Closing Bell: Stock Markets snap 8-day gaining streak as Sensex, Nifty50 close over 1% lower – IndusInd Bank, Tata Motors top laggards
At market close, the BSE Sensex was down 651.85 points or 1.08 per cent to 59,646.15, while Nifty50 was down 198.05 points or 1.10 per cent to 17,758.5.
Domestic markets snapped an eight-day gaining streak to end negatively on the last day of the week. The benchmark indices – Sensex and Nifty50 – gave up their key support levels of 60,000 and 17,900. Almost all sectoral indices closed around 1.5 per cent at the market close.
At market close, the BSE Sensex was down 651.85 points or 1.08 per cent to 59,646.15, while Nifty50 was down 198.05 points or 1.10 per cent to 17,758.5. Underperforming the benchmarks, broader markets such as both the Nifty mid and small cap fell by over 1.5 and 1 per cent respectively today.

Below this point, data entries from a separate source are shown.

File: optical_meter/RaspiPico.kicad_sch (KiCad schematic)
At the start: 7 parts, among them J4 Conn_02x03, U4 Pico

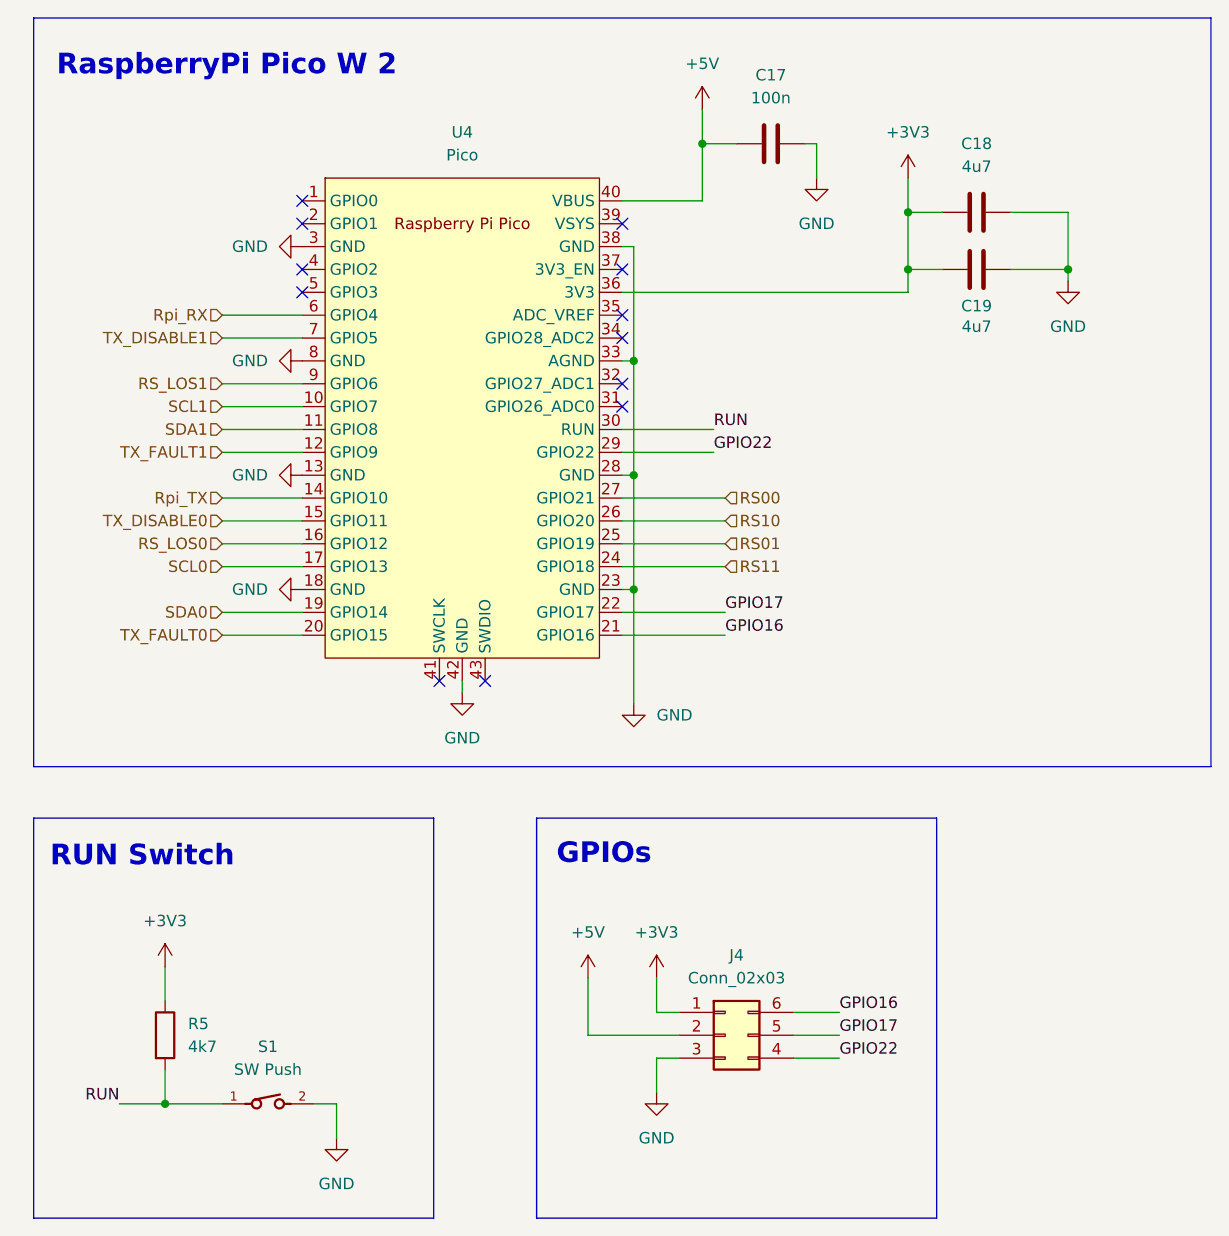
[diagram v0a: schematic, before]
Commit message: Cosmetic changes to schematic sheet
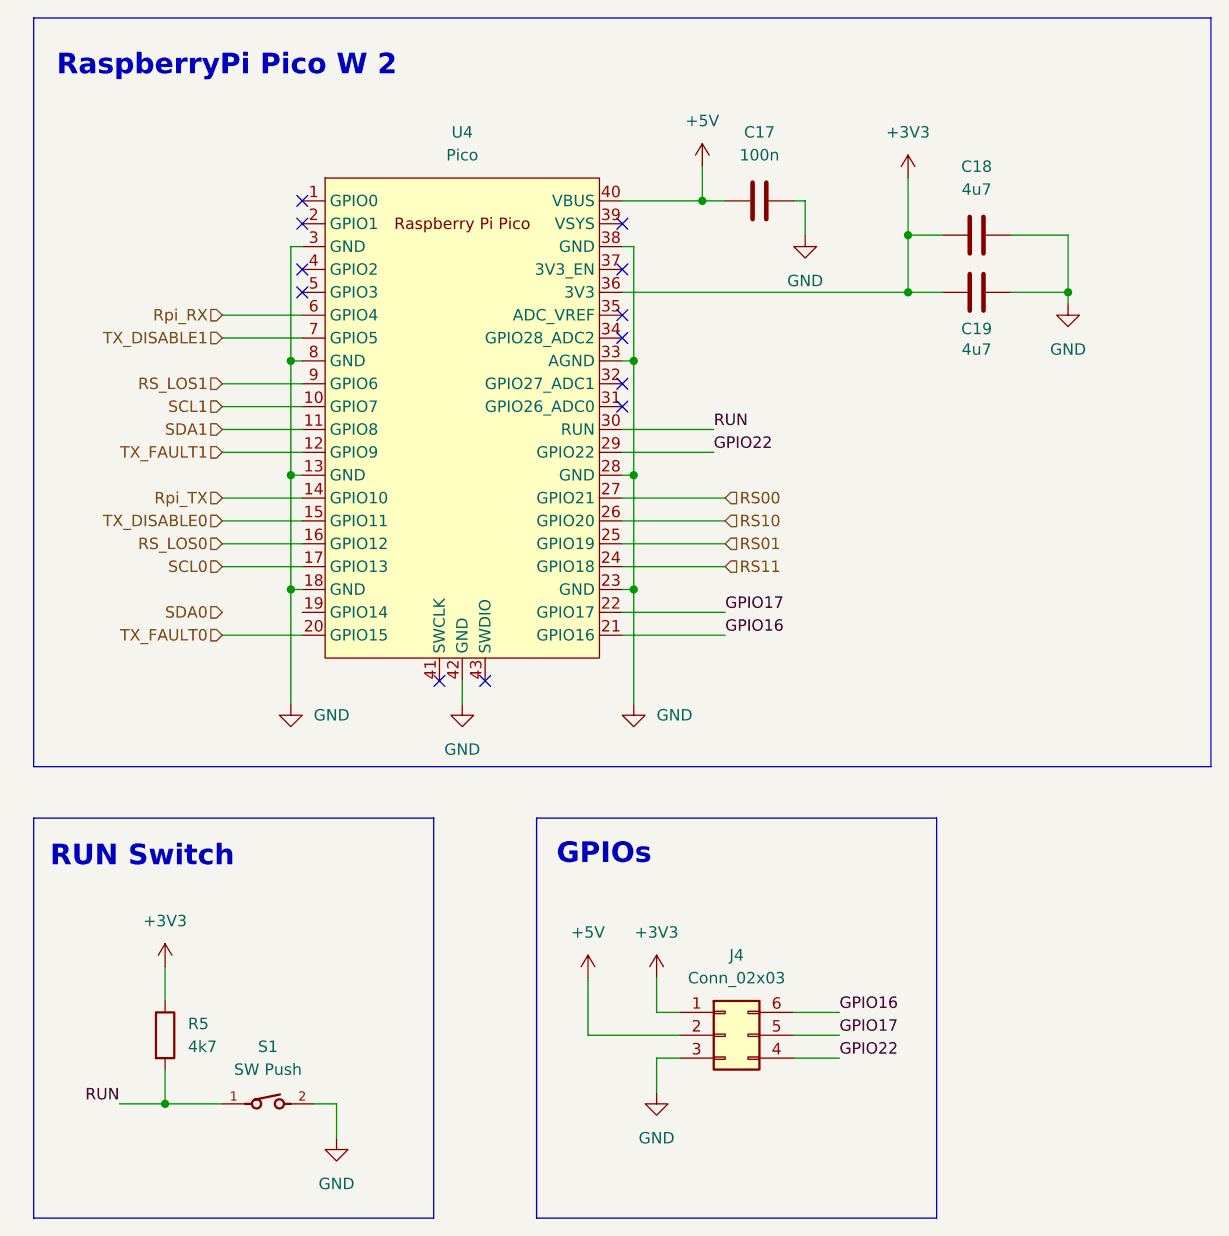
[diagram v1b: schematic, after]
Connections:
- net SDA0: no longer U4.19 (GPIO14)
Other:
- moved on the sheet: C17, C18, C19

As many as 6 stocks advanced and 44 declined at the close. IndusInd Bank shares fell most by almost 4 per cent, followed by Tata Motors, Bajaj Finserv, and Apollo Hospital each down by over 3 per cent. While Hindalco, Tata Consumer, Bajaj Finance, and Hero Moto are each down between 2.5-3 per cent.
In the otherwise negative market, Adani Ports shares became the top Nifty gainer, up almost 4.5 per cent, followed by Larsen and Toubro shares up over 2 per cent in an otherwise weak market. While stocks such as Infosys, Bajaj Auto, TCS, and Eicher Motors gained marginally at the close.
Sectorally, all indices closed in the red - except Nifty IT, which closed flat with positive bias. Nifty Bank and Financial as well as Metal dragged the market most as they fell by around 1.5 per cent, followed by Nifty Auto and FMG each down around 1 per cent at the market close.
According to Ajit Mishra, VP - Research, Religare Broking, “Markets lost over a percent in a volatile trading session, tracking mixed cues. After the flat start, the benchmark plunged sharply lower in the first half and remained range bound thereafter.”
“The decline in the index engulfed the gains of the last three sessions and we may see further profit taking ahead. And, it would be healthy after the recent surge. Moreover, participants should maintain caution and prefer defensive i.e. FMCG, pharma over others until the trend resumes.”